Sunday, April 26, 2020

Review: Kelsea • Kelsea Ballerini

Kelsea Ballerini’s third studio record is a country record only by association. While her first two albums were low-risk, color-by-numbers takes on country-pop, the self-titled Kelsea challenges – and maybe overstretches – the abilities of country music. Rather than make a springboard from the genre and into a deeper experimentation, Ballerini uses it as a plug-and-play platform that equally welcomes appearances from both Halsey and Kenny Chesney.

“Club” and “Homecoming Queen,” for example, could strike home runs on country airplay – if not for the youthful jeers against party culture and high school stereotypes. “The Other Girl,” the Halsey feature, bends a country staple – the “other woman” song – into a feminist overthrow of the two-timing man and slathers it over a simmering downtempo pop soundtrack. And if the country-disco styling of Kylie Minogue and Kacey Musgraves was stripped of its glam and left with the energy, the result would be “Needy.”

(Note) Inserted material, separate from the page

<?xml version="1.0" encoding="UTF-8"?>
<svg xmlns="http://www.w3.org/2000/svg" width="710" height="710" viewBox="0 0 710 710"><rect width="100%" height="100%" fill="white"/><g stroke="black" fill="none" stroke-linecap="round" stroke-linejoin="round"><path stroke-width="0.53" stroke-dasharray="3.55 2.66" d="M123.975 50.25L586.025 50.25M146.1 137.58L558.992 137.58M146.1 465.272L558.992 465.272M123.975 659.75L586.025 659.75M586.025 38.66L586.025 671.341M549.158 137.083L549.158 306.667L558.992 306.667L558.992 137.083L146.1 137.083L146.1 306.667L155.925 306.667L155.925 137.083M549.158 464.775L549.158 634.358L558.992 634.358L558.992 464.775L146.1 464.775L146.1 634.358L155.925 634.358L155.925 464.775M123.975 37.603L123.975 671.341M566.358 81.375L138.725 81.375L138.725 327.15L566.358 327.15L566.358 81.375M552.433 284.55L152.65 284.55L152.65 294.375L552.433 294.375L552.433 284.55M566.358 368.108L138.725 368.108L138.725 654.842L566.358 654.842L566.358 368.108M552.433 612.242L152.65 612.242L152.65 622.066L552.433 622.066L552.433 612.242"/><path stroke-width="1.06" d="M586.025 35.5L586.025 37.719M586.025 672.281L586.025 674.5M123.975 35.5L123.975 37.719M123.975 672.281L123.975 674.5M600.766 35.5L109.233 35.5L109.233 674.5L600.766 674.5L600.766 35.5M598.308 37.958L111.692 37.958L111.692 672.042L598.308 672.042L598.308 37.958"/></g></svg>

The approach provides variety and produces songs that are no more or less enjoyable than more traditional cuts like “Half of My Hometown,” a nostalgic highlight with Kenny Chesney on background vocals, and the self-referential “A Country Song.” While its songwriting is left a bit under-cooked in spots and its genre blending sometimes feels clunky compared to the seamless country-pop giants who paved the way for Ballerini, Kelsea is an admirable attempt at a next-generation crossover in the making.

Kelsea is available now under Black River Entertainment.